┌────────
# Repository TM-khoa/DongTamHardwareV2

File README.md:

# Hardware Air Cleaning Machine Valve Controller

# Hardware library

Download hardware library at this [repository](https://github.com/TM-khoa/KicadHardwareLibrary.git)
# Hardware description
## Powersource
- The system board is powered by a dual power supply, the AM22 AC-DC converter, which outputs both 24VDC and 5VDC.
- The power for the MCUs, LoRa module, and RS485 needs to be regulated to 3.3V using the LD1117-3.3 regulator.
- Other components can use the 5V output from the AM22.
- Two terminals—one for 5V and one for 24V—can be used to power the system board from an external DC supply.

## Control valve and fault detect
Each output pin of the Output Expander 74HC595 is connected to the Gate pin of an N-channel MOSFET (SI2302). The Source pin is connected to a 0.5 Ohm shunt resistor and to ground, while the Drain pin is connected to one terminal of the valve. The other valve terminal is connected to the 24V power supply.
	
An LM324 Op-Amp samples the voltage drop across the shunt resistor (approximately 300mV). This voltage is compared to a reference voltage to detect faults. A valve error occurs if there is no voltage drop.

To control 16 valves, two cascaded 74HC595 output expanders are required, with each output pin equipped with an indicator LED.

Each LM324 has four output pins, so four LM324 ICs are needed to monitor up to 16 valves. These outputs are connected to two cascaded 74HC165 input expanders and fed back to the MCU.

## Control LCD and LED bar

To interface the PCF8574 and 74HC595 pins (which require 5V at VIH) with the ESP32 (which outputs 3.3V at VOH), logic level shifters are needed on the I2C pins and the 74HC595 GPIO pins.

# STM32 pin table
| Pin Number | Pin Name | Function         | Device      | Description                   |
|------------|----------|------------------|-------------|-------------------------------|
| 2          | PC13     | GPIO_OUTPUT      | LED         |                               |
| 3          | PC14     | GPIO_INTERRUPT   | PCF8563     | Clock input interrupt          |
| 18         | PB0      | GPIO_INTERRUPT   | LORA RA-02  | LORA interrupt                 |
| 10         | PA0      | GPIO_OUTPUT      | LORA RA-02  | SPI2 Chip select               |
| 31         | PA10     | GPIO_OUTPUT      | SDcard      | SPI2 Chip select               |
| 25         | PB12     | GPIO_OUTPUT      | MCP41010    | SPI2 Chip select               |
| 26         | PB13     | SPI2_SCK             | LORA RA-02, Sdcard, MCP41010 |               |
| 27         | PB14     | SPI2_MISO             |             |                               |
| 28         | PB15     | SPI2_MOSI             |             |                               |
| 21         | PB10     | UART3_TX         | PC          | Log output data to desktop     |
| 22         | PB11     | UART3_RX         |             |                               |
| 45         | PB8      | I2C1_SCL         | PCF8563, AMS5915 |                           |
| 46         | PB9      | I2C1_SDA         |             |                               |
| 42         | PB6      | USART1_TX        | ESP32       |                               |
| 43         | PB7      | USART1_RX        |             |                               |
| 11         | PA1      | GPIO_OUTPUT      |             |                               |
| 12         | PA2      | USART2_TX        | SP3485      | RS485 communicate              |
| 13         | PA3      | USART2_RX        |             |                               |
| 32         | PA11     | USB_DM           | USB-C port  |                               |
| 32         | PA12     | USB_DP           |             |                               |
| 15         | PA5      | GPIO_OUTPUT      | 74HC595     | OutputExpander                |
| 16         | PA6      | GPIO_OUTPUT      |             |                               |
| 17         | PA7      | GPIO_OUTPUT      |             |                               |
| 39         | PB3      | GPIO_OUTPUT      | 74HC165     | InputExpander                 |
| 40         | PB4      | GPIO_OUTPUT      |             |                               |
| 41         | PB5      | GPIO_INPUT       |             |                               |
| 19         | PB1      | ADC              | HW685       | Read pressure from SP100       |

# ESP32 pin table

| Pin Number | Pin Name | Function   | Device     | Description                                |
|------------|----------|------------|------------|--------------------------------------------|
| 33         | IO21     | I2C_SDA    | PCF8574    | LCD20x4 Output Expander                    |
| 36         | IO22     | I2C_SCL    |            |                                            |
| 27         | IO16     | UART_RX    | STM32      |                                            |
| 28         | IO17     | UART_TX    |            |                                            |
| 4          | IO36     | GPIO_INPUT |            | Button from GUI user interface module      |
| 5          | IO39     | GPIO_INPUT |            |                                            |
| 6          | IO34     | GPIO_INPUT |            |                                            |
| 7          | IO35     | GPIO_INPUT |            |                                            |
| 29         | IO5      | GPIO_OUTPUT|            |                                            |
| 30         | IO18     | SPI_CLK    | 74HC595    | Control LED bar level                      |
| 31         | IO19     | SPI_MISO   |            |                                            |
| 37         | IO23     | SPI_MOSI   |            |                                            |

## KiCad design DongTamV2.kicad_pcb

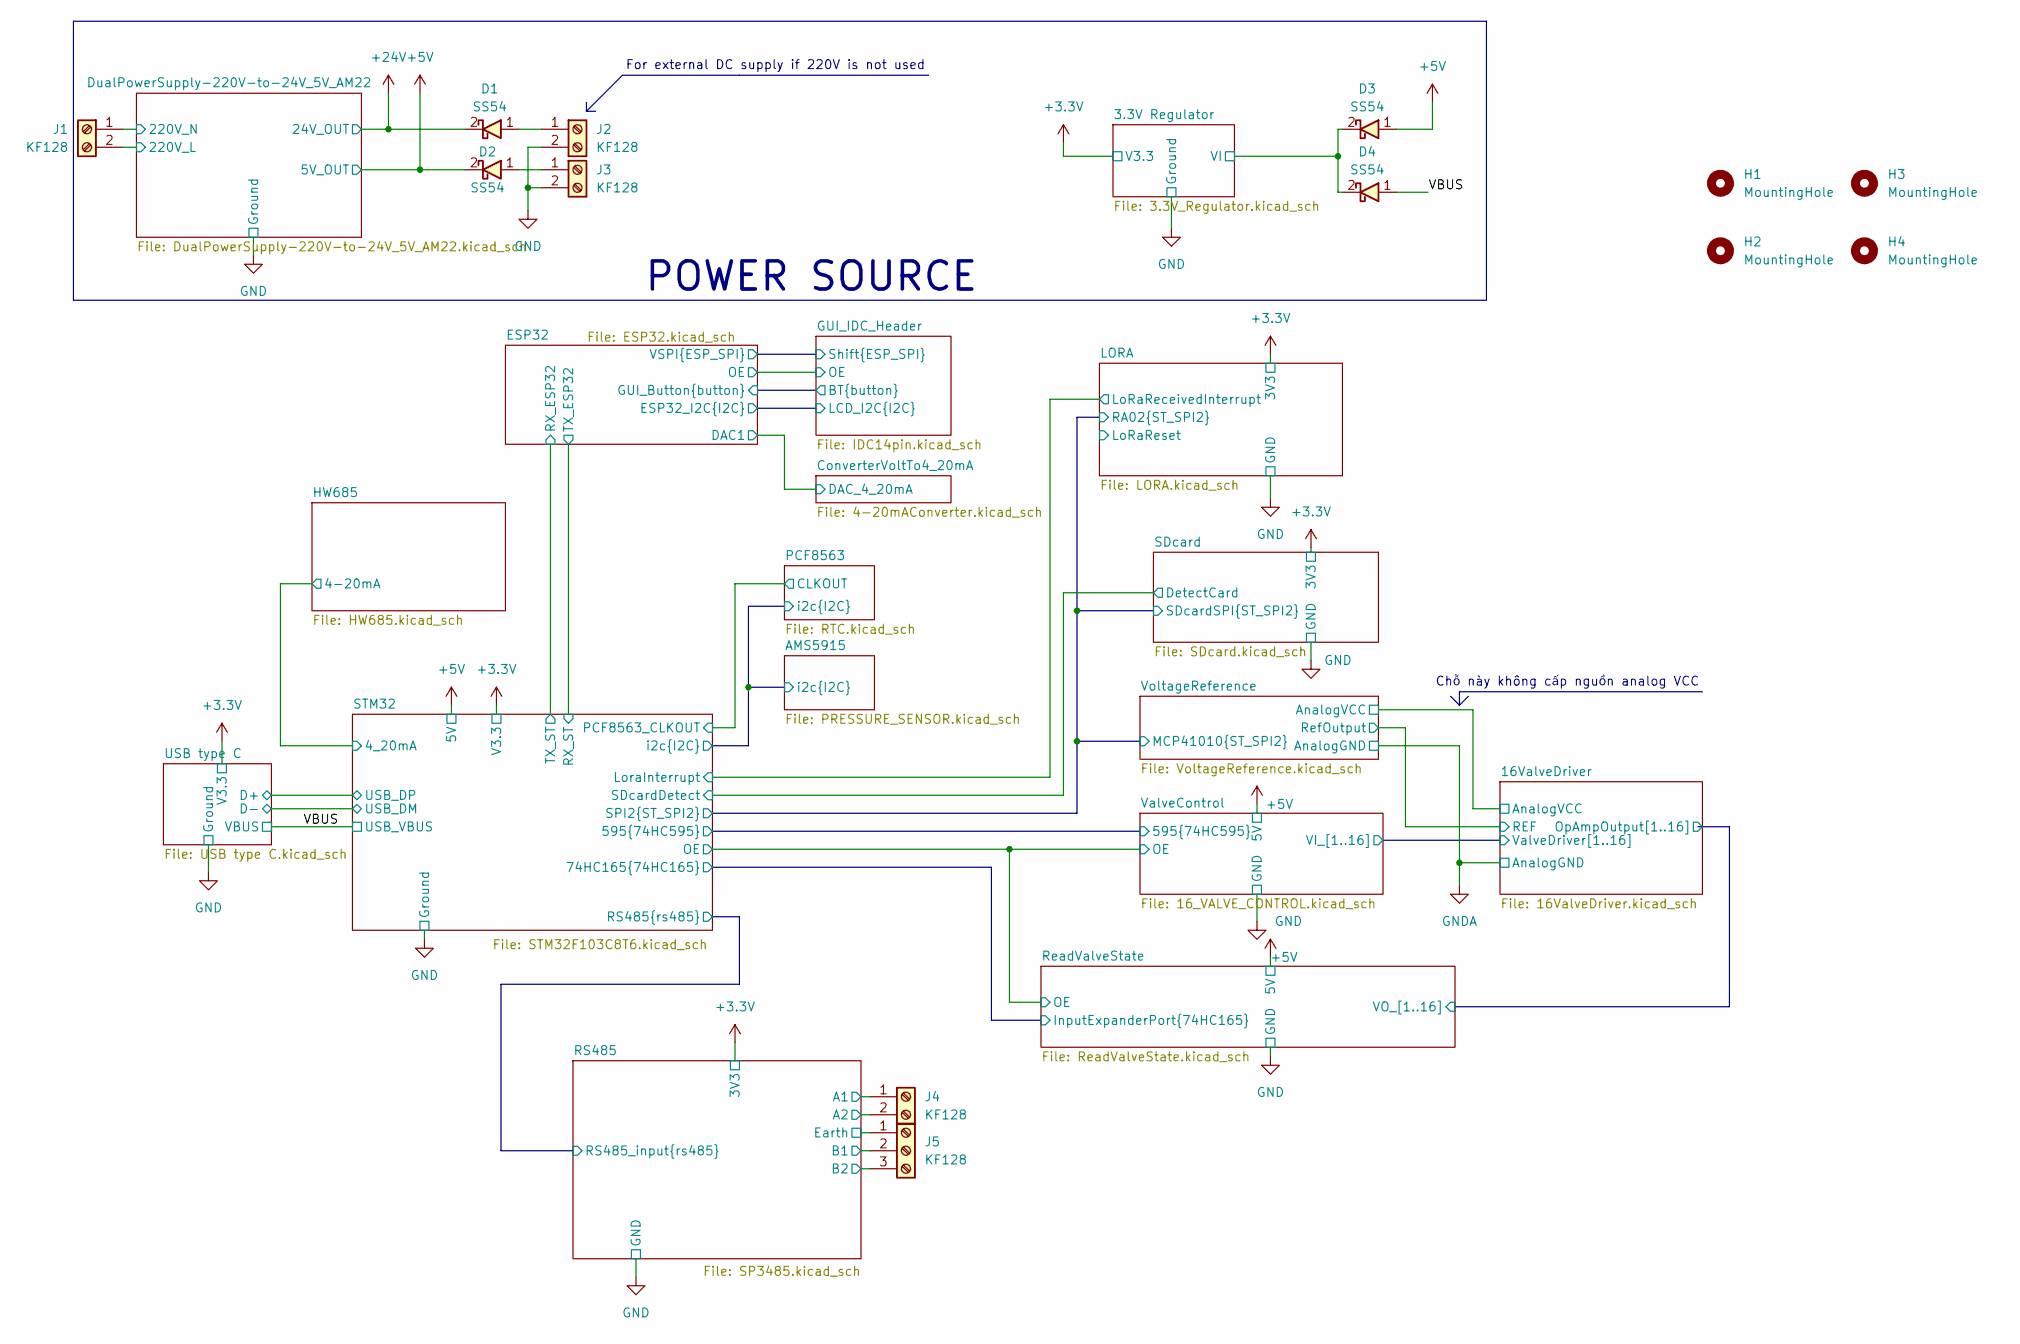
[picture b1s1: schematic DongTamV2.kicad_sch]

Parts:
D1, D2, D3, D4: SS54; Package-Diode-D_SMA
H1, H2, H3, H4: MountingHole; MountingHole_3.2mm_M3
J1, J2, J3, J4: KF128; TerminalBlock_bornier-2_P5.08mm
J5: KF128; TerminalBlock_bornier-3_P5.08mm

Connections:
+5V: D2.2, D3.1; also elsewhere on the board
+24V: D1.2; also elsewhere on the board
/3.3V Regulator/VI: D3.2, D4.2; also elsewhere on the board
/DualPowerSupply-220V-to-24V_5V_AM22/220V_L: J1.2; also elsewhere on the board
/DualPowerSupply-220V-to-24V_5V_AM22/220V_N: J1.1; also elsewhere on the board
/RS485/A_RS485: J4.1, J4.2; also elsewhere on the board
/RS485/B_RS485: J5.2, J5.3; also elsewhere on the board
/RS485/Earth: J5.1; also elsewhere on the board
/VBUS: D4.1; also elsewhere on the board
GND: J2.2, J3.2; also elsewhere on the board
unnamed: D1.1, J2.1
unnamed: D2.1, J3.1

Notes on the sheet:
POWER SOURCE
Chỗ này không cấp nguồn analog VCC
For external DC supply if 220V is not used

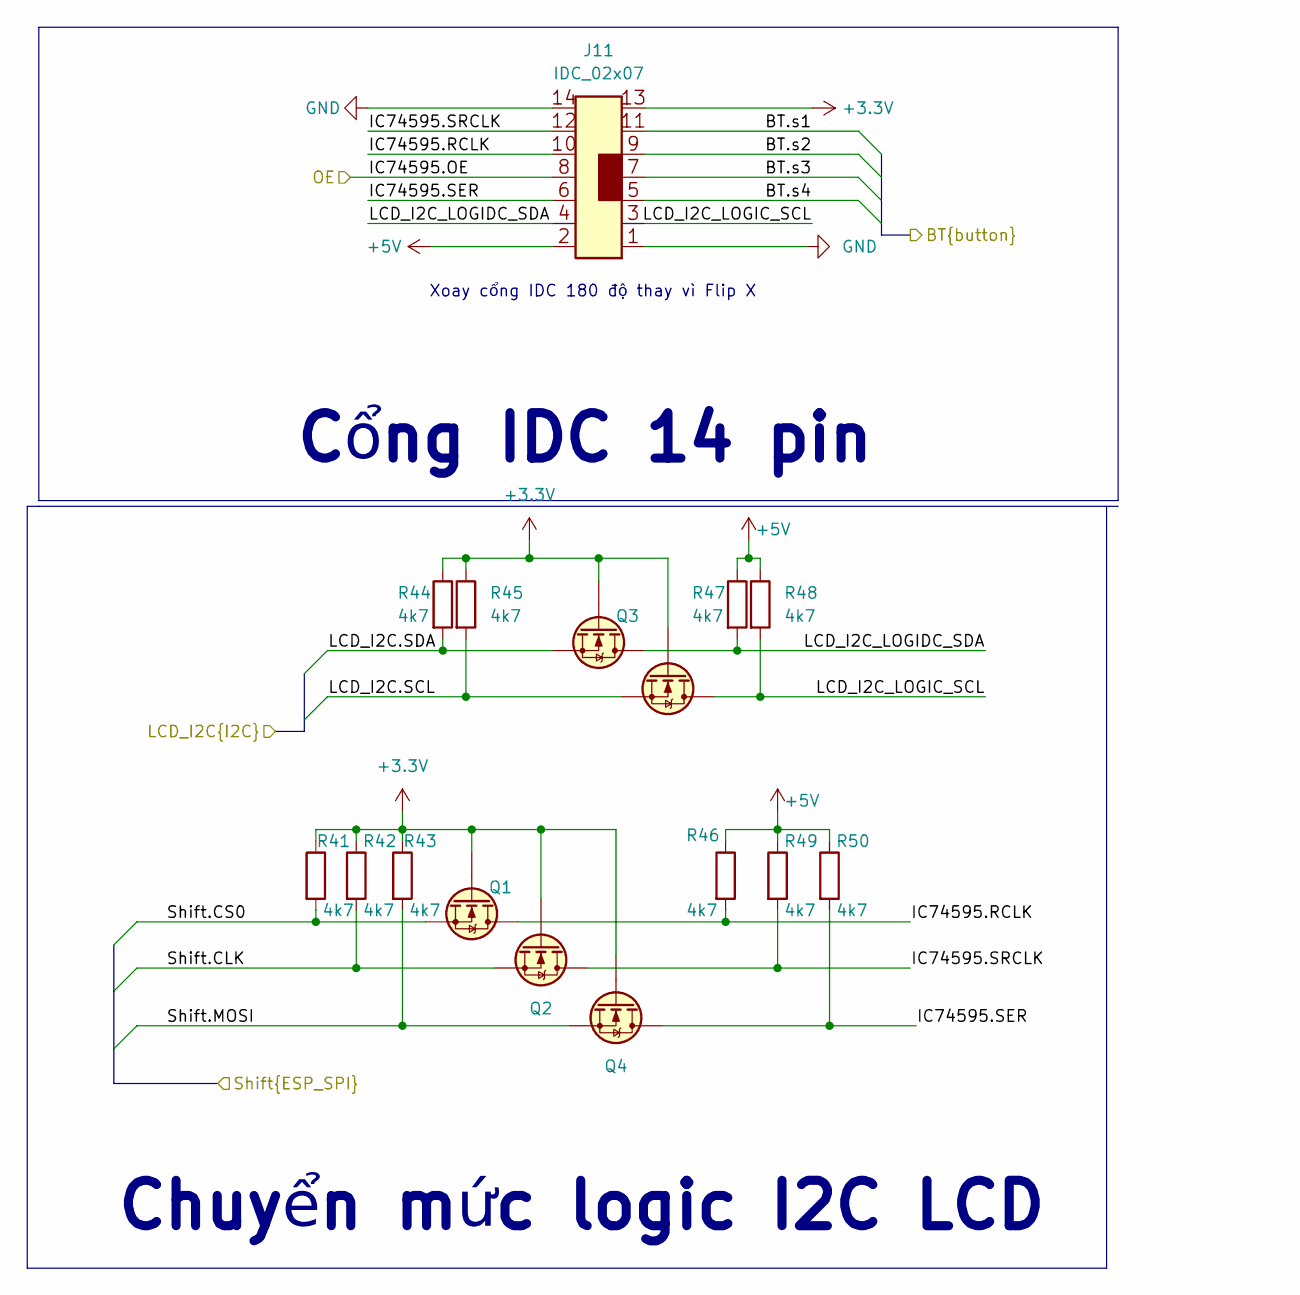
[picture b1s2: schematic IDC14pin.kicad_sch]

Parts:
J11: IDC_02x07; Conn-Vert-THT-2x7P-2.54mm-DC3
Q1, Q2, Q3, Q4, Q5: SI2302/BSS138; SOT23-3
R41, R42, R43, R44, R45, R46, R47, R48, R49, R50: 4k7; R_0603

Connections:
+3.3V: J11.13, Q1.1 (G), Q2.1 (G), Q3.1 (G), Q4.1 (G), Q5.1 (G), R41.1, R42.1, R43.1, R44.1, R45.1; also elsewhere on the board
+5V: J11.2, R46.1, R47.1, R48.1, R49.1, R50.1; also elsewhere on the board
/ESP32/ESP32_I2C.SCL: Q5.2 (S), R45.2; also elsewhere on the board
/ESP32/ESP32_I2C.SDA: Q3.2 (S), R44.2; also elsewhere on the board
/ESP32/GUI_Button.s1: J11.11; also elsewhere on the board
/ESP32/GUI_Button.s2: J11.9; also elsewhere on the board
/ESP32/GUI_Button.s3: J11.7; also elsewhere on the board
/ESP32/GUI_Button.s4: J11.5; also elsewhere on the board
/ESP32/VSPI.CLK: Q2.2 (S), R42.2; also elsewhere on the board
/ESP32/VSPI.CS0: Q1.2 (S), R41.2; also elsewhere on the board
/ESP32/VSPI.MOSI: Q4.2 (S), R43.2; also elsewhere on the board
/GUI_IDC_Header/IC74595.OE: J11.8; also elsewhere on the board
/GUI_IDC_Header/IC74595.RCLK: J11.10, Q1.3 (D), R46.2
/GUI_IDC_Header/IC74595.SER: J11.6, Q4.3 (D), R50.2
/GUI_IDC_Header/IC74595.SRCLK: J11.12, Q2.3 (D), R49.2
/GUI_IDC_Header/LCD_I2C_LOGIC_SCL: J11.3, Q5.3 (D), R48.2
/GUI_IDC_Header/LCD_I2C_LOGIDC_SDA: J11.4, Q3.3 (D), R47.2
GND: J11.1, J11.14; also elsewhere on the board

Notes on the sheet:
Chuyển mức logic I2C LCD
Xoay cổng IDC 180 độ thay vì Flip X
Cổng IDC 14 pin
└────────
Restate word for word the entries above from the line with "D4.2; also elsewhere on the board" through the line with "For external DC supply if 220V is not used", inclusive, leaving out everything else.

## ANSWER AREA
/3.3V Regulator/VI: D3.2, D4.2; also elsewhere on the board
/DualPowerSupply-220V-to-24V_5V_AM22/220V_L: J1.2; also elsewhere on the board
/DualPowerSupply-220V-to-24V_5V_AM22/220V_N: J1.1; also elsewhere on the board
/RS485/A_RS485: J4.1, J4.2; also elsewhere on the board
/RS485/B_RS485: J5.2, J5.3; also elsewhere on the board
/RS485/Earth: J5.1; also elsewhere on the board
/VBUS: D4.1; also elsewhere on the board
GND: J2.2, J3.2; also elsewhere on the board
unnamed: D1.1, J2.1
unnamed: D2.1, J3.1

Notes on the sheet:
POWER SOURCE
Chỗ này không cấp nguồn analog VCC
For external DC supply if 220V is not used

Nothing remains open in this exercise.